Looking ahead, more cautious investors have largely priced in the more immediate headwinds to growth and corporate profitability. That said, risks with respect to the war in Ukraine, Covid in China and sticky inflation across the world remain. Absent a major deterioration in the outlook, we do not foresee a recession in the U.S., however, we do expect a more challenging growth outlook given higher consumer costs and tighter Fed policy. For Europe the risk of recession is somewhat higher but not our base case. Tactically, we moderated the size of our U.S. equities overweight. We are now 2% underweight equities overall but maintain a preference for the U.S.
- We’ve moved to an overweight position in GLI.
- GLI has shown favorable historical returns in the interest rate environment we expect.
- We retain our overweight to natural resources, which also helps deal with inflationary risks alongside GLI.
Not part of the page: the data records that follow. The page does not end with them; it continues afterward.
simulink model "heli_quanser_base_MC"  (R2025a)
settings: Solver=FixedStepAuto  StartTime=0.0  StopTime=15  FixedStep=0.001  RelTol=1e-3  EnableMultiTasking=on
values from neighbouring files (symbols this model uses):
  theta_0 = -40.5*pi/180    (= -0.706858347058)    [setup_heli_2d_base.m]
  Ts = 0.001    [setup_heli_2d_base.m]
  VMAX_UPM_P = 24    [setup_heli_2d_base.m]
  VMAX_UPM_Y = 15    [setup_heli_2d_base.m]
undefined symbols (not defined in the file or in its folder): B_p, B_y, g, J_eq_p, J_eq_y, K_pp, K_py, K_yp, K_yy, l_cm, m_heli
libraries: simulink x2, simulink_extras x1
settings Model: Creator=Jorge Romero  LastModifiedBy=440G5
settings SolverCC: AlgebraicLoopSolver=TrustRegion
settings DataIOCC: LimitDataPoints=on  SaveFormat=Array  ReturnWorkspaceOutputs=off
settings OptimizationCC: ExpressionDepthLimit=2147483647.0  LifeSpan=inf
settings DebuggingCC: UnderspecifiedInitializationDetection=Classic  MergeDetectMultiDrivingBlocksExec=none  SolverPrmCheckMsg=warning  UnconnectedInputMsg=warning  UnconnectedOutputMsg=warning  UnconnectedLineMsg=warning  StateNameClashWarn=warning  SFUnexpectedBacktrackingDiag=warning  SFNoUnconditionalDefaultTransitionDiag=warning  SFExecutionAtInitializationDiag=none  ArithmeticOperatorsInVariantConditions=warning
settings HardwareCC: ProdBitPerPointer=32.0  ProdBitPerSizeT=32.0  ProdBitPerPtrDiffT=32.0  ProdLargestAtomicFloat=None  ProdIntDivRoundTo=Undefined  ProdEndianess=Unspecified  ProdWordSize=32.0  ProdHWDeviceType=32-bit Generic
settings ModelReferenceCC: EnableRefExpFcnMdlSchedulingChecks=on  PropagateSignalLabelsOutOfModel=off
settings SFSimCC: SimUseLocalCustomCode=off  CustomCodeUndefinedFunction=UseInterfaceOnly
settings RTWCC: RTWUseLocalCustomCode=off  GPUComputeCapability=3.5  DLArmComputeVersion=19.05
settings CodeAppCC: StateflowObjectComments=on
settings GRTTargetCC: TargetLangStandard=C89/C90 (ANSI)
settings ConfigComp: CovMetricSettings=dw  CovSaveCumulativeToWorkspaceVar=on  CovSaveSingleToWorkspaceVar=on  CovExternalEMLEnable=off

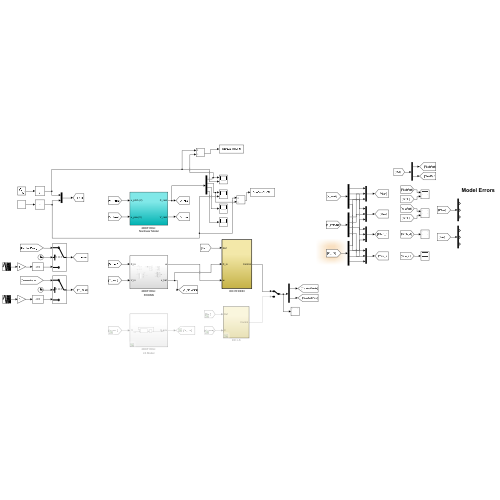
[thumbnail: Simulink's stored preview of the top-level diagram]
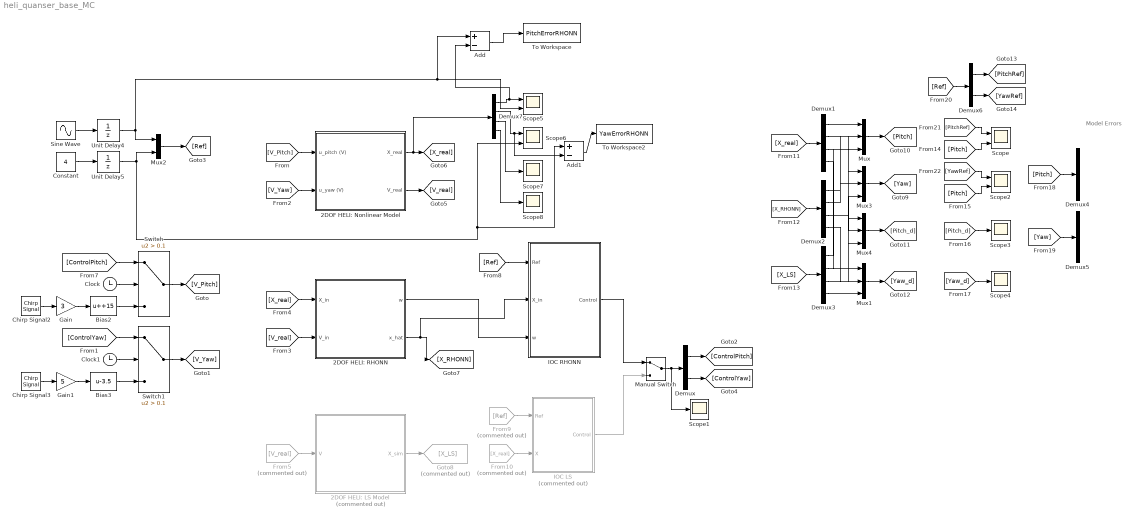
== system heli_quanser_base_MC ==
  note: Model Errors
  2DOF HELI: LS Model : Subsystem  Commented=on
  2DOF HELI: Nonlinear Model : Subsystem
  2DOF HELI: RHONN : Subsystem
  Add : Sum  Inputs=+-
  Add1 : Sum  Inputs=+-
  Bias2 : Bias  Bias=+15  SaturateOnIntegerOverflow=off
  Bias3 : Bias  Bias=-3.5  SaturateOnIntegerOverflow=off
  Chirp Signal2 : simulink/Sources/Chirp Signal  f1=0.08  T=10  f2=1
  Chirp Signal3 : simulink/Sources/Chirp Signal  f1=0.05  T=100  f2=1
  Clock : Clock
      settings: Decimation=5
  Clock1 : Clock
      settings: Decimation=5
  Constant : Constant  Value=4
  Demux : Demux  Outputs=2
  Demux{1..3,7} (4 alike) : Demux
  Demux4 : Demux  Outputs=3
  Demux5 : Demux  Outputs=3
  Demux6 : Demux  Outputs=2
  From10 : From  Commented=on  GotoTag=X_real
  From5 : From  Commented=on  GotoTag=V_real
  From9 : From  Commented=on  GotoTag=Ref
  Gain : Gain  Gain=3
  Gain1 : Gain  Gain=5
  Goto8 : Goto  Commented=on  GotoTag=X_LS
  IOC LS : Subsystem  Commented=on  TreatAsAtomicUnit=on
  IOC RHONN : Subsystem  TreatAsAtomicUnit=on
  Manual Switch : ManualSwitch
  Mux{,1,3..4} (4 alike) : Mux  Inputs=3
  Mux2 : Mux  Inputs=2
  Scope{,2,5..6} (4 alike) : Scope  NumInputPorts=2
      Scope settings: ActiveDisplayYMinimum=-2.2045251175704  ActiveDisplayYMaximum=12.772142587556569
      Scope2 settings: ActiveDisplayYMinimum=-2.2045251175704  ActiveDisplayYMaximum=12.772142587556569
      Scope5 settings: ActiveDisplayYMinimum=-1.4995166148869326  ActiveDisplayYMaximum=1.1943818734120628  DataLoggingVariableName=ScopeData4
      Scope6 settings: ActiveDisplayYMinimum=-31.385745513206732  ActiveDisplayYMaximum=23.73492677473369  DataLoggingVariableName=ScopeData5
  Scope{1,3..4,7..8} (5 alike) : Scope
      Scope1 settings: ActiveDisplayYMinimum=-26.503210929485832  ActiveDisplayYMaximum=16.085993128612095  DataLoggingVariableName=ScopeData14
      Scope3 settings: DataLoggingVariableName=ScopeData2
      Scope4 settings: DataLoggingVariableName=ScopeData3
      Scope7 settings: ActiveDisplayYMinimum=-2.2729284352396681  ActiveDisplayYMaximum=0.21801617430591014  DataLoggingVariableName=ScopeData6
      Scope8 settings: ActiveDisplayYMinimum=-1  ActiveDisplayYMaximum=1  DataLoggingVariableName=ScopeData7
  Sine Wave : Sin  Amplitude=0.45  SampleTime=0
  Switch : Switch  Criteria=u2 > Threshold  Threshold=0.1  SaturateOnIntegerOverflow=off  InputSameDT=off
  Switch1 : Switch  Criteria=u2 > Threshold  Threshold=0.1  SaturateOnIntegerOverflow=off  InputSameDT=off
  To Workspace : ToWorkspace  VariableName=PitchErrorRHONN  SaveFormat=Timeseries  SampleTime=-1
  To Workspace2 : ToWorkspace  VariableName=YawErrorRHONN  SaveFormat=Timeseries  SampleTime=-1
  Unit Delay4 : UnitDelay  SampleTime=-1  HasFrameUpgradeWarning=on
  Unit Delay5 : UnitDelay  SampleTime=-1  HasFrameUpgradeWarning=on
  wires:
  Gain/1 -> Bias2/1
  Bias2/1 -> Switch/3
  Chirp Signal2/1 -> Gain/1
  [ControlPitch] -> Switch/1
  Clock/1 -> Switch/2
  Bias3/1 -> Switch1/3
  Gain1/1 -> Bias3/1
  Clock1/1 -> Switch1/2
  Chirp Signal3/1 -> Gain1/1
  [ControlYaw] -> Switch1/1
  Switch/1 -> [V_Pitch]
  Switch1/1 -> [V_Yaw]
  [V_Pitch] -> 2DOF HELI: Nonlinear Model/1(u_pitch (V))
  [V_Yaw] -> 2DOF HELI: Nonlinear Model/2(u_yaw (V))
  From5/1 -> 2DOF HELI: LS Model/1(" V")
  IOC LS/1(Control) -> Manual Switch/2
  From9/1 -> IOC LS/1(Ref)
  Unit Delay4/1 -> Add/1, Scope5/2, Mux2/1
  Mux2/1 -> [Ref]
  Manual Switch/1 -> Scope1/1, Demux/1
  Demux/1 -> [ControlPitch]
  Demux/2 -> [ControlYaw]
  2DOF HELI: Nonlinear Model/2(V_real) -> [V_real]
  2DOF HELI: Nonlinear Model/1(X_real) -> Demux7/1, [X_real]
  From10/1 -> IOC LS/2(X)
  2DOF HELI: LS Model/1(X_sim) -> Goto8/1
  [X_RHONN] -> Demux2/1
  [X_real] -> Demux1/1
  [X_LS] -> Demux3/1
  Demux1/1 -> Mux/1
  Demux2/1 -> Mux/2
  Demux3/1 -> Mux/3
  Demux1/4 -> Mux1/1
  Demux2/4 -> Mux1/2
  Demux3/4 -> Mux1/3
  Demux1/2 -> Mux3/1
  Demux2/2 -> Mux3/2
  Demux3/2 -> Mux3/3
  Demux1/3 -> Mux4/1
  Demux2/3 -> Mux4/2
  Demux3/3 -> Mux4/3
  Mux/1 -> [Pitch]
  Mux3/1 -> [Yaw]
  Mux4/1 -> [Pitch_d]
  Mux1/1 -> [Yaw_d]
  [Pitch] -> Scope/2
  [Pitch_d] -> Scope3/1
  [Yaw_d] -> Scope4/1
  [Pitch] -> Demux4/1
  [Yaw] -> Demux5/1
  [Ref] -> Demux6/1
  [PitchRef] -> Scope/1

As our outlook on growth shifts lower but with inflation still uncertain, global listed infrastructure (GLI) has become more attractive and has earned a tactical overweight in our global policy model. GLI – alongside also-overweighted natural resources – can provide portfolio protection against inflationary pressures. We’ve seen historical evidence of this protection – both GLI and natural resources have outperformed broad equities during “high inflation” periods (as defined by “top quartile” inflation using data going back to 2001). And we’ve also seen contemporary evidence – in this year’s inflationary backdrop, GLI and natural resources have both provided hard-to-come-by positive returns.
However, GLI can also provide protection against a slowing economy. Slowing economic growth often comes with slowing (sometimes reversing) interest rate increases. And GLI does best relative to broader equities during periods of falling interest rates. As seen in the chart, GLI does show absolute losses during large (0.25% or greater) falls in the 10-year U.S. Treasury yield – but outperforms global equities greatest in those periods (dark green bars). During small declines in 10-year yields (0 to 0.25%), GLI performs best, slightly outpacing equities (light green bars). We find the latter interest rate experience to be most likely.